And of late years, my constant weakness and pain
made me unable to speak much in my ordinary
course of Duty; and my Writings, Preachings and
other publick Duty which I ever thought I was
bound to prefer before lesser did so wholly take up
those few hours of the day, which I had out of my
Bed, that I was seldomer in secret Prayer with my
Wife than she desired.
§.10. Indeed it troubleth me to think how oft I
told her, That I never understood Solomon's words,
Eccles. 7.16. but by the Exposition of her case, Be
not righteous overmuch, neither make thy self overwise:
Why shouldst thou destroy thy self? I doubt not but
Solomon spake of Humane Civil Righteousness and
Wisdom, as a means respecting Temporal Prosperity
or Adversity, rather than Spiritual, holy Righteousness,
respecting God's everlasting Reward: Or if it
were extended to Religious Righteousness, it can
be but against Superstition, falsly called Righteousness.
But as to our present case, I must thus resolve the
Question, Whether one can be religiously wise and righteous
overmuch? And I Answer, That we must distinguish
between, 1. Material and Formal Righteousness.

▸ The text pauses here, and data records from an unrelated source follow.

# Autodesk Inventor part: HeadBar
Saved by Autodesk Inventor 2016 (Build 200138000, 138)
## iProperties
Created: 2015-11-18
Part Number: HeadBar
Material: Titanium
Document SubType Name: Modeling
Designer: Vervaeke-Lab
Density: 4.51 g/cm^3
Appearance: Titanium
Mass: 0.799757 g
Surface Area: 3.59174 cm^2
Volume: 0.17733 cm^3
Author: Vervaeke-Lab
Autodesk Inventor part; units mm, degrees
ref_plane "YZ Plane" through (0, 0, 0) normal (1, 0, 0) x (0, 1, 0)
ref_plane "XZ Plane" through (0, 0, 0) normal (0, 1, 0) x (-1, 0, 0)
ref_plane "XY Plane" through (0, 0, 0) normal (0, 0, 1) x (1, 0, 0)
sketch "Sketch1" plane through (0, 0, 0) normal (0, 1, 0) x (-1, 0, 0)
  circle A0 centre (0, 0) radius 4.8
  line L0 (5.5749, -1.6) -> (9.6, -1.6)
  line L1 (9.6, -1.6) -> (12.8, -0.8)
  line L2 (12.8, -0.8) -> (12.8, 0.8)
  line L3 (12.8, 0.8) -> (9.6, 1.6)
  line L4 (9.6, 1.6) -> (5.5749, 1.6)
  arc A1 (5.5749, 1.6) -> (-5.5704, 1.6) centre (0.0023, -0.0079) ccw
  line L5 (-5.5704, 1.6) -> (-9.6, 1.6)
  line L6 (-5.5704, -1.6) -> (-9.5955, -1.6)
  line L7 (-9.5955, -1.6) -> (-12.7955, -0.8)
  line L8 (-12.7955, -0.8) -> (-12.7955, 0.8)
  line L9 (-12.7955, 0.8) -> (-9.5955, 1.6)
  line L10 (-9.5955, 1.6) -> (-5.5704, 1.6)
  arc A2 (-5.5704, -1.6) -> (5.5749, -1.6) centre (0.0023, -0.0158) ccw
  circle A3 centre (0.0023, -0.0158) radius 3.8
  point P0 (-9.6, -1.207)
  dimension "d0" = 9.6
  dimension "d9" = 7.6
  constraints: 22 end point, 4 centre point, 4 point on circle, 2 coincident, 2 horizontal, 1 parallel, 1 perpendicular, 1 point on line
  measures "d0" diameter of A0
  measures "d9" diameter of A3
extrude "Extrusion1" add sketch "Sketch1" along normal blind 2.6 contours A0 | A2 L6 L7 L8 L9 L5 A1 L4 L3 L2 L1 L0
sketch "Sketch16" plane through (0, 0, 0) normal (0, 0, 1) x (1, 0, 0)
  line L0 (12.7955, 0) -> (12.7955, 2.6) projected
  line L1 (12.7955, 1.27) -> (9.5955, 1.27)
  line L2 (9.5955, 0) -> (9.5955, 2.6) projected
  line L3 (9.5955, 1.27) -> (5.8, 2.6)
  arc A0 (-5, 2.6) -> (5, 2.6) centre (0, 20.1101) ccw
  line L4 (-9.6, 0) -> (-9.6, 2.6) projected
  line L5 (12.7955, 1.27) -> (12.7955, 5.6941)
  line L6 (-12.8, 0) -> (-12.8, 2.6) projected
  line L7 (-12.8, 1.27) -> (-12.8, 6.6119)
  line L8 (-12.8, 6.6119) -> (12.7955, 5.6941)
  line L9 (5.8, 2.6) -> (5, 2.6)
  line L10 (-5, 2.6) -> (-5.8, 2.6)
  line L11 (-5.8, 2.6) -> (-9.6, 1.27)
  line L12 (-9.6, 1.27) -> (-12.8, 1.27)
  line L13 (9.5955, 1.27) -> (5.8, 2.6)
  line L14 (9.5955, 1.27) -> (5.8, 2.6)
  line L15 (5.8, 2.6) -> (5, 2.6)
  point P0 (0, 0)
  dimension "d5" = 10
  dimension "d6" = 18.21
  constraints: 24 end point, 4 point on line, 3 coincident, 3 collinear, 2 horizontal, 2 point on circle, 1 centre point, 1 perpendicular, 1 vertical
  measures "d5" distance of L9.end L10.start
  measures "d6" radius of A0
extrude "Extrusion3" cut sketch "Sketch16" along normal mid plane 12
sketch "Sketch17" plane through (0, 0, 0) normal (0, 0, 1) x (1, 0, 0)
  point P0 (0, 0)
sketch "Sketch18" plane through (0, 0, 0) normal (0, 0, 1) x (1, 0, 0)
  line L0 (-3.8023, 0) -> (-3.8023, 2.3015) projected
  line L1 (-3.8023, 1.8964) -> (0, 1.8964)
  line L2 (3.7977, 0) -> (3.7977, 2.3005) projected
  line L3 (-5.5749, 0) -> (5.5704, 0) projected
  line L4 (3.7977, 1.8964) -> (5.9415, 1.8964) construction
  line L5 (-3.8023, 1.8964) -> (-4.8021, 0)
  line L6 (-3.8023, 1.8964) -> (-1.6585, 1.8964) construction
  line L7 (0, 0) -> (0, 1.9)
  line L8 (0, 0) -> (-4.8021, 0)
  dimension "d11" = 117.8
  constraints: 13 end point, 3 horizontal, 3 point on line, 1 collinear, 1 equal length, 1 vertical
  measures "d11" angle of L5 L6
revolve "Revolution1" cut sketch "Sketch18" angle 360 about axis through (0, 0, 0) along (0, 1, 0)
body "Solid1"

2. Between Objective and Subjective measures of
it. 3. Of the good and bad consequents and effects. And
1. no man can be formally and properly too wise or
too righteous. Else it would charge God with Errour:
but our Conformity to God's governing Will. And
if our Obedience were too much, and to be blamed,
God's commands were to be blamed, that required
it. But very strict actions are commonly called Righteousness,
as a written Prayer or words are called a
Prayer, though properly wanting the Form, it is
not so. And not only a good Object, but a right
End, Principle, and Mode, and Circumstances, go
to make an Action righteous. 2. That Action which
compared with the Object cannot possibly be overwise
and righteous, yet as compared with the Agent,
or Subject, may be too much: No man can know,
believe, or love God too much, nor answerable to
his Perfections. But one may possibly be transported
with so earnest a desire of God, Christ, Christian
Society, Holiness and Heaven, as may be more than
Head and Health can bear: And so it may be too
much for the subject. 3. Therefore the probable
effects must be weighed. He that should meditate,
read, yea love God so intensly as to distract him,
would do it overmuch. He that would do a good
work precisely, when the exactness would hinder
the substance of another, perhaps a better, would
be righteous overmuch. And I thought this the case
sometime of my dear Wife; 1. She set her Head
and Heart so intensly upon doing good, that her
Head and Body would hardly bear it. As holy set
Meditation is no Duty to a Melancholy person that
cannot do it without confusion and danger of distraction;
so many other Duties are no Duties, when
they will do more harm than good. 2. And a man
is limited in his Capacity and his Time: No man
greater for the better doing of a lesser, or to omit
the substance of the one for exacter doing of another,
I thought was to be unrighteous by being
righteous overmuch. She and some others thought
I had done better to have written fewer Books, and
to have done those few better. I thought, while
I wrote none needlesly, the modall imperfection of
two was less evil than the total omission of one:
She thought I should have spent more time in Religious
exercise with her, my Family, and my Neighbours,
though I had written less. I thought there
were many to do such work, that would not do mine;
and that I chose the greatest, which I durst not omit,
and could not do both in the measure that I desired
else to have done.
§.11. As she saith before cited her self, that
if she was but in a condition, in which Gods service
was costly to her, it would make her know whether she
were sincere or not; so she had her wish, and proved
her sincerity by her costliest obedience: It cost her
not only her labour and Estate, but somewhat of
her trouble of body and mind; For her knife was
too keen, and cut the sheath. Her desires were
more earnestly set on doing good, than her tender
mind and head could well bear; for indeed her great
infirmity was the four Passions of Love, Desire,
Fear, and Trouble of Mind. Anger she either had very
little, next none, or little made it known. She rarely
ever spake in an angry manner: She could not well
bear to hear one speak loud, or hastily, or eagerly,
or angrily, even to those that deserved it: My
When her servants did any fault unwillingly, she
scarce ever told them of it; when one lost Ten
Pounds worth of Linnen in carriage carelesly, and
another Ten Pounds worth of Plate by negligence,
she shewed no anger at any such thing. If servants
had done amiss, and we could not prove it, or knew
not which did it, she would never ask them her self,
nor suffer others, lest it should tempt them to hide it
by a lye unless it were a servant that feared God,
and would not lye.
I took her deep and long sense of the faults of
over-loved and obliged persons, to be one of her
greatest faults. But no one was ever readier to forgive
a fault confessed, or which weakness and religious
differences caused. I will give but one instance:
The good woman whom she used to hire the Rooms
over St. Jameses Market-house, was greatly against
the Common-prayer, and first made my Wife feel
whether I meant to use it, before she would take it.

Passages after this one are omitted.